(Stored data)
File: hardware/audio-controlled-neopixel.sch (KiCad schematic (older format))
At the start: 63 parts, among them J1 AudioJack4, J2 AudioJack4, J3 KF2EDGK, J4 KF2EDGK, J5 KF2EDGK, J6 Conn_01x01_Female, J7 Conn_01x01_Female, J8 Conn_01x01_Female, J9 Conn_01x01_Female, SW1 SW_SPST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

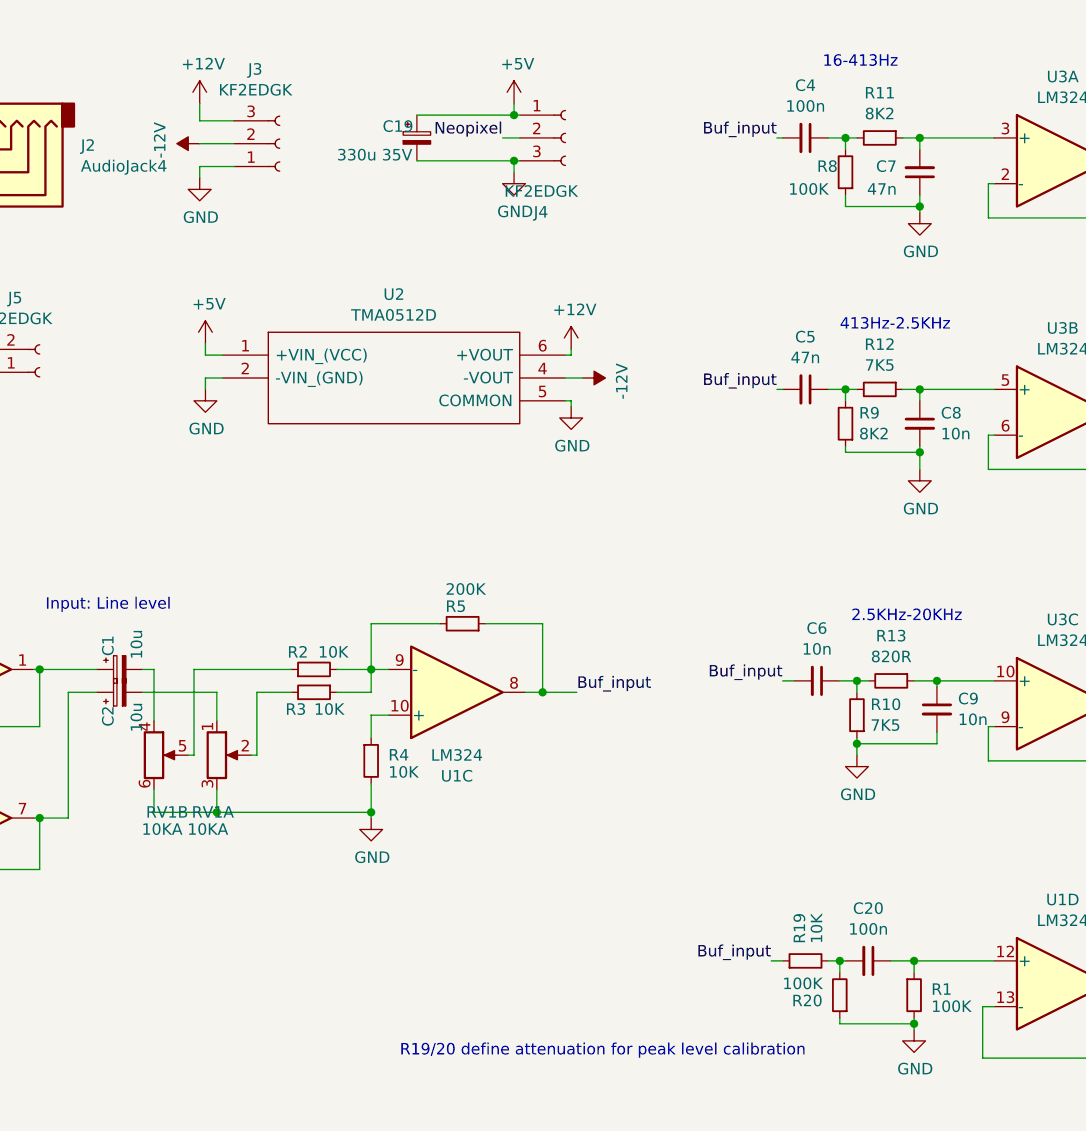
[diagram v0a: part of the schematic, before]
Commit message: added attenuators to keep frequency response flat
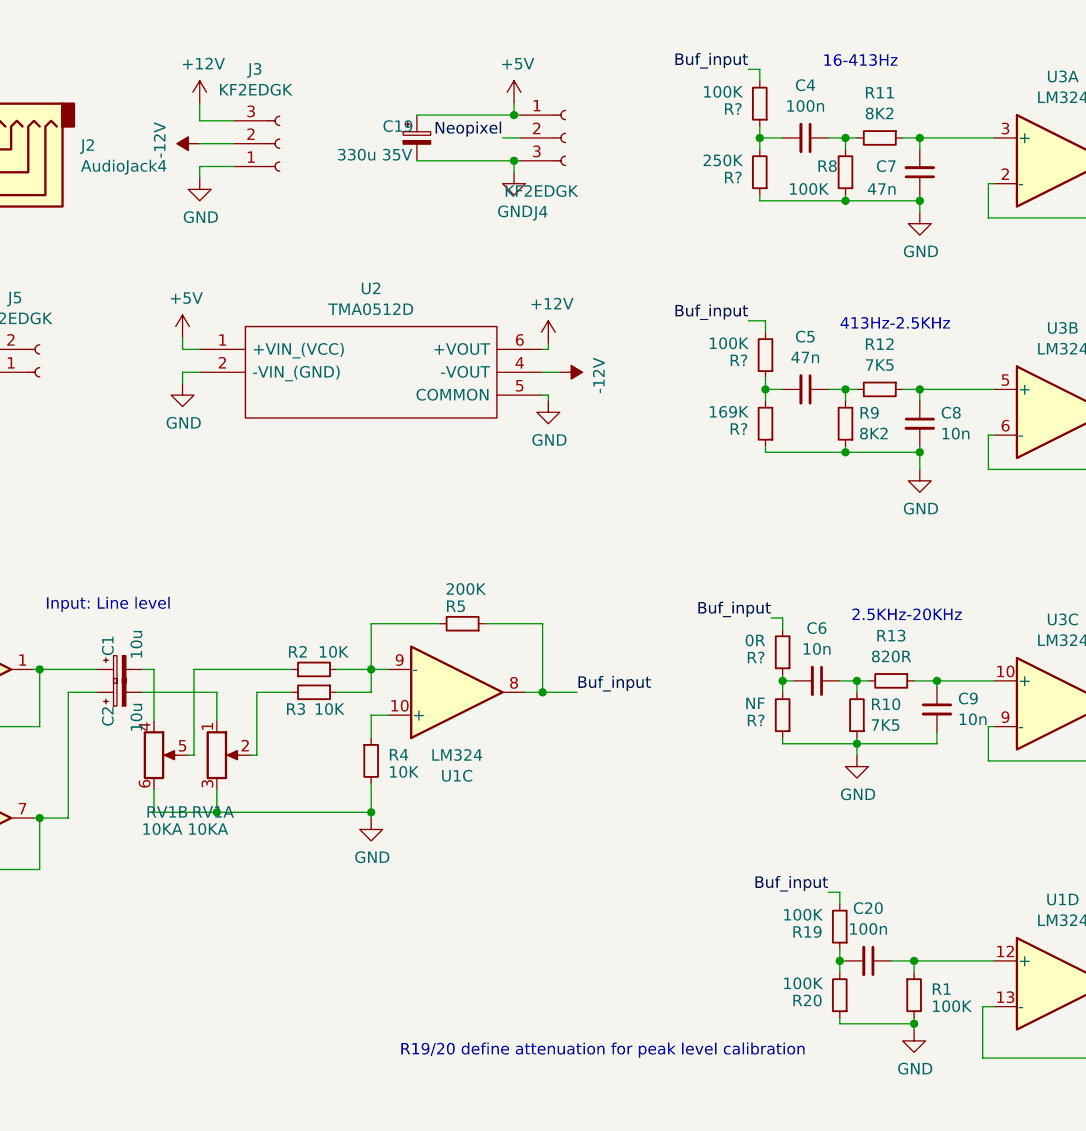
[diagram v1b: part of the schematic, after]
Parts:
- added R?: 0R, Resistor_SMD:R_0805_2012Metric, symbol Device:R_Small
- added R?: NF, Resistor_SMD:R_0805_2012Metric, symbol Device:R_Small
- added R? (x2): 100K, Resistor_SMD:R_0805_2012Metric, symbol Device:R_Small
- added R?: 169K, Resistor_SMD:R_0805_2012Metric, symbol Device:R_Small
- added R?: 250K, Resistor_SMD:R_0805_2012Metric, symbol Device:R_Small
- R19: value 10K -> 100K
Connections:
- net Buf_input: now also R19.2, R?.2, R?.2, R?.2; no longer C4.2, C5.2, C6.2, R19.1
- net GND: now also R?.1, R?.1, R?.1
- net at C20.2, R20.2: now also R19.1; no longer R19.2
- new net: C6.2, R?.1, R?.2
- new net: C5.2, R?.1, R?.2
- new net: C4.2, R?.1, R?.2
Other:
- moved on the sheet: R19, U2

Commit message: fixed library issue with schematic
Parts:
- U2: symbol TMA_2412D:TMA_2412D -> audio-controlled-neopixel-cache:TMA_2412D_TMA_2412D
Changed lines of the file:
@@
 EESchema Schematic File Version 4
+LIBS:audio-controlled-neopixel-cache
 EELAYER 26 0
 EELAYER END
@@
 Connection ~ 1200 1200
 $Comp
-L TMA_2412D:TMA_2412D U2
+L audio-controlled-neopixel-cache:TMA_2412D_TMA_2412D U2
 U 1 1 5C4B4FE3
 P 2450 1875

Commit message: added attenuators to balance frequency response
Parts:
- U2: footprint custom:TMA-0512D -> Footprints:TMAxxxxD; symbol audio-controlled-neopixel-cache:TMA_2412D_TMA_2412D -> audio-controlled-neopixel:custom_TMAxxxxD
- gave numbers to parts that had none: 6
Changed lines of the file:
@@
 L power:+12V #PWR0106
 U 1 1 5BF24254
-P 3975 1850
-F 0 "#PWR0106" H 3975 1700 50  0001 C CNN
-F 1 "+12V" H 3990 2023 50  0000 C CNN
-F 2 "" H 3975 1850 50  0001 C CNN
-F 3 "" H 3975 1850 50  0001 C CNN
-	1    3975 1850
+P 3475 1800
+F 0 "#PWR0106" H 3475 1650 50  0001 C CNN
+F 1 "+12V" H 3490 1973 50  0000 C CNN
+F 2 "" H 3475 1800 50  0001 C CNN
+F 3 "" H 3475 1800 50  0001 C CNN
+	1    3475 1800
 	1    0    0    -1
 $EndComp
@@
 L power:-12V #PWR0107
 U 1 1 5BF242D9
-P 4025 1975
-F 0 "#PWR0107" H 4025 2075 50  0001 C CNN
-F 1 "-12V" H 4040 2148 50  0000 C CNN
-F 2 "" H 4025 1975 50  0001 C CNN
-F 3 "" H 4025 1975 50  0001 C CNN
-	1    4025 1975
+P 3525 1925
+F 0 "#PWR0107" H 3525 2025 50  0001 C CNN
+F 1 "-12V" H 3540 2098 50  0000 C CNN
+F 2 "" H 3525 1925 50  0001 C CNN
+F 3 "" H 3525 1925 50  0001 C CNN
+	1    3525 1925
 	0    1    1    0
 $EndComp
 Wire Wire Line
-	3975 2100 3975 2075
-Wire Wire Line
-	3975 2075 3950 2075
-Wire Wire Line
-	3975 1850 3975 1875
-Wire Wire Line
-	3975 1875 3950 1875
-Wire Wire Line
-	3950 1975 4025 1975
+	3475 2050 3475 2025
+Wire Wire Line
+	3475 2025 3450 2025
+Wire Wire Line
+	3475 1800 3475 1825
+Wire Wire Line
+	3475 1825 3450 1825
+Wire Wire Line
+	3450 1925 3525 1925
 $Comp
 L Diode:BAT85 D3
@@
 L power:GND #PWR0111
 U 1 1 5C0E2BC2
-P 3975 2100
-F 0 "#PWR0111" H 3975 1850 50  0001 C CNN
-F 1 "GND" H 3980 1927 50  0000 C CNN
-F 2 "" H 3975 2100 50  0001 C CNN
-F 3 "" H 3975 2100 50  0001 C CNN
-	1    3975 2100
+P 3475 2050
+F 0 "#PWR0111" H 3475 1800 50  0001 C CNN
+F 1 "GND" H 3480 1877 50  0000 C CNN
+F 2 "" H 3475 2050 50  0001 C CNN
+F 3 "" H 3475 2050 50  0001 C CNN
+	1    3475 2050
 	1    0    0    -1
 $EndComp
@@
 	1400 1200 1200 1200
 Connection ~ 1200 1200
-$Comp
-L audio-controlled-neopixel-cache:TMA_2412D_TMA_2412D U2
-U 1 1 5C4B4FE3
-P 2450 1875
-F 0 "U2" H 3200 2140 50  0000 C CNN
-F 1 "TMA0512D" H 3200 2049 50  0000 C CNN
-F 2 "custom:TMA-0512D" H 3800 1975 50  0001 L CNN
-F 3 "http://docs-emea.rs-online.com/webdocs/0e18/0900766b80e182f0.pdf" H 3800 1875 50  0001 L CNN
-F 4 "TMA2412D unregulated DC-DC,+/-12V 1W 1W Isolated DC-DC Converter, Vin 21.6" H 3800 1775 50  0001 L CNN "Description"
-F 5 "Traco Power" H 3800 1575 50  0001 L CNN "Manufacturer_Name"
-F 6 "TMA 2412D" H 3800 1475 50  0001 L CNN "Manufacturer_Part_Number"
-F 7 "1247598" H 3800 1375 50  0001 L CNN "RS Part Number"
-F 8 "http://uk.rs-online.com/web/p/products/1247598" H 3800 1275 50  0001 L CNN "RS Price/Stock"
-F 9 "495-TMA-2412D" H 3800 1175 50  0001 L CNN "Mouser Part Number"
-F 10 "https://www.mouser.com/Search/Refine.aspx?Keyword=495-TMA-2412D" H 3800 1075 50  0001 L CNN "Mouser Price/Stock"
-	1    2450 1875
-	1    0    0    -1
-$EndComp
 Text Label 4950 3050 2    50   ~ 0
 Buf_input
 $Comp
-L Device:R_Small R?
+L Device:R_Small R25
 U 1 1 5C4F25BC
 P 5000 3200
-F 0 "R?" H 5075 3225 50  0000 L CNN
+F 0 "R25" H 5075 3225 50  0000 L CNN
 F 1 "0R" H 5075 3150 50  0000 L CNN
 F 2 "Resistor_SMD:R_0805_2012Metric" H 5000 3200 50  0001 C CNN
@@
 $EndComp
 $Comp
-L Device:R_Small R?
+L Device:R_Small R26
 U 1 1 5C4F25C3
 P 5000 3475
-F 0 "R?" H 5075 3500 50  0000 L CNN
+F 0 "R26" H 5075 3500 50  0000 L CNN
 F 1 "NF" H 5075 3425 50  0000 L CNN
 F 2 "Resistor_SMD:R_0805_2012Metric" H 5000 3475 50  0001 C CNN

_EXERCISE REQUIREMENTS_
Report how many lines of the records above contain the word "Price", and give only that number.

_ANSWER TO THE PROBLEM_
2